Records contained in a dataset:
________________

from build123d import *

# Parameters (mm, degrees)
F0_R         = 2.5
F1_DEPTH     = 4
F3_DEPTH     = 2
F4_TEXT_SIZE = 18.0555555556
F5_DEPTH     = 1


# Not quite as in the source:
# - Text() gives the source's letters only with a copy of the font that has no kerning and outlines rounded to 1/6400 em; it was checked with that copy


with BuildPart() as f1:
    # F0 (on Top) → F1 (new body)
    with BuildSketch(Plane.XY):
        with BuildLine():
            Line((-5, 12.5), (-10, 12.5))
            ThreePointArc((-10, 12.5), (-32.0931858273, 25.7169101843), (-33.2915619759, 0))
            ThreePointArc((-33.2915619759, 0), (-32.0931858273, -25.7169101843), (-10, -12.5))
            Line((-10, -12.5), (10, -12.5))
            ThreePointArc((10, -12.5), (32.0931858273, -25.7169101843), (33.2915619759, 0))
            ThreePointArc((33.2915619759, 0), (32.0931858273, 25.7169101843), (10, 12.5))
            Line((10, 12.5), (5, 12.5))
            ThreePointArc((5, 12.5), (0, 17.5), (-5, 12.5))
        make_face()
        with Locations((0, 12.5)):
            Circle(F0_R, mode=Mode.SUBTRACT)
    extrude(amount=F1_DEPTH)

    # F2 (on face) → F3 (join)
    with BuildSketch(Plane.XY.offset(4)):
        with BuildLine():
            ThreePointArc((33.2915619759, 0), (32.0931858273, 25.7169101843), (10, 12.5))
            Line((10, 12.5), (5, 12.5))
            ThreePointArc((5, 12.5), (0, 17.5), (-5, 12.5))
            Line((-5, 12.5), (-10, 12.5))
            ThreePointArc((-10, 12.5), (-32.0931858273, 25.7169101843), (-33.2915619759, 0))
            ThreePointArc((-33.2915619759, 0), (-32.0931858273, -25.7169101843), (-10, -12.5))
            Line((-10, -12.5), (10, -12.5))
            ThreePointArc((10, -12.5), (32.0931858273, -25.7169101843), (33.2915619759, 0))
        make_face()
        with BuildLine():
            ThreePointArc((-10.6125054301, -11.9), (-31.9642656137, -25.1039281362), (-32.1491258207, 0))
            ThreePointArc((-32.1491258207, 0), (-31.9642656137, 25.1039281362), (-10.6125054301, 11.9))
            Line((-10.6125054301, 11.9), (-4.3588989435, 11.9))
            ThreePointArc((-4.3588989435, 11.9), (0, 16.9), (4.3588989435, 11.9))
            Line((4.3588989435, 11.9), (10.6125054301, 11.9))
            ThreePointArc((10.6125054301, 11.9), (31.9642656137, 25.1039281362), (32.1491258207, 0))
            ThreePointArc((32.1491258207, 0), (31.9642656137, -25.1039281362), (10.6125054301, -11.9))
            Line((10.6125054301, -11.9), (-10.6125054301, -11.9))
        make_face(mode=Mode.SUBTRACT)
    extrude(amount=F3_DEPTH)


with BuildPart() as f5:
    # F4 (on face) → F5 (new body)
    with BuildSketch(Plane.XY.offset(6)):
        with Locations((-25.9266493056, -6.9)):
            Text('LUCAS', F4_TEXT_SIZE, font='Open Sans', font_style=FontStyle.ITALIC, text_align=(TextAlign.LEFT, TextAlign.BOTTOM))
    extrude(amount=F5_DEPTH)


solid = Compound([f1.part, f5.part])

________________

WHAT NEEDS TO BE DONE:
Output each entry precisely as given.

ANSWER FOR THE TASK:
from build123d import *

# Parameters (mm, degrees)
F0_R         = 2.5
F1_DEPTH     = 4
F3_DEPTH     = 2
F4_TEXT_SIZE = 18.0555555556
F5_DEPTH     = 1


# Not quite as in the source:
# - Text() gives the source's letters only with a copy of the font that has no kerning and outlines rounded to 1/6400 em; it was checked with that copy


with BuildPart() as f1:
    # F0 (on Top) → F1 (new body)
    with BuildSketch(Plane.XY):
        with BuildLine():
            Line((-5, 12.5), (-10, 12.5))
            ThreePointArc((-10, 12.5), (-32.0931858273, 25.7169101843), (-33.2915619759, 0))
            ThreePointArc((-33.2915619759, 0), (-32.0931858273, -25.7169101843), (-10, -12.5))
            Line((-10, -12.5), (10, -12.5))
            ThreePointArc((10, -12.5), (32.0931858273, -25.7169101843), (33.2915619759, 0))
            ThreePointArc((33.2915619759, 0), (32.0931858273, 25.7169101843), (10, 12.5))
            Line((10, 12.5), (5, 12.5))
            ThreePointArc((5, 12.5), (0, 17.5), (-5, 12.5))
        make_face()
        with Locations((0, 12.5)):
            Circle(F0_R, mode=Mode.SUBTRACT)
    extrude(amount=F1_DEPTH)

    # F2 (on face) → F3 (join)
    with BuildSketch(Plane.XY.offset(4)):
        with BuildLine():
            ThreePointArc((33.2915619759, 0), (32.0931858273, 25.7169101843), (10, 12.5))
            Line((10, 12.5), (5, 12.5))
            ThreePointArc((5, 12.5), (0, 17.5), (-5, 12.5))
            Line((-5, 12.5), (-10, 12.5))
            ThreePointArc((-10, 12.5), (-32.0931858273, 25.7169101843), (-33.2915619759, 0))
            ThreePointArc((-33.2915619759, 0), (-32.0931858273, -25.7169101843), (-10, -12.5))
            Line((-10, -12.5), (10, -12.5))
            ThreePointArc((10, -12.5), (32.0931858273, -25.7169101843), (33.2915619759, 0))
        make_face()
        with BuildLine():
            ThreePointArc((-10.6125054301, -11.9), (-31.9642656137, -25.1039281362), (-32.1491258207, 0))
            ThreePointArc((-32.1491258207, 0), (-31.9642656137, 25.1039281362), (-10.6125054301, 11.9))
            Line((-10.6125054301, 11.9), (-4.3588989435, 11.9))
            ThreePointArc((-4.3588989435, 11.9), (0, 16.9), (4.3588989435, 11.9))
            Line((4.3588989435, 11.9), (10.6125054301, 11.9))
            ThreePointArc((10.6125054301, 11.9), (31.9642656137, 25.1039281362), (32.1491258207, 0))
            ThreePointArc((32.1491258207, 0), (31.9642656137, -25.1039281362), (10.6125054301, -11.9))
            Line((10.6125054301, -11.9), (-10.6125054301, -11.9))
        make_face(mode=Mode.SUBTRACT)
    extrude(amount=F3_DEPTH)


with BuildPart() as f5:
    # F4 (on face) → F5 (new body)
    with BuildSketch(Plane.XY.offset(6)):
        with Locations((-25.9266493056, -6.9)):
            Text('LUCAS', F4_TEXT_SIZE, font='Open Sans', font_style=FontStyle.ITALIC, text_align=(TextAlign.LEFT, TextAlign.BOTTOM))
    extrude(amount=F5_DEPTH)


solid = Compound([f1.part, f5.part])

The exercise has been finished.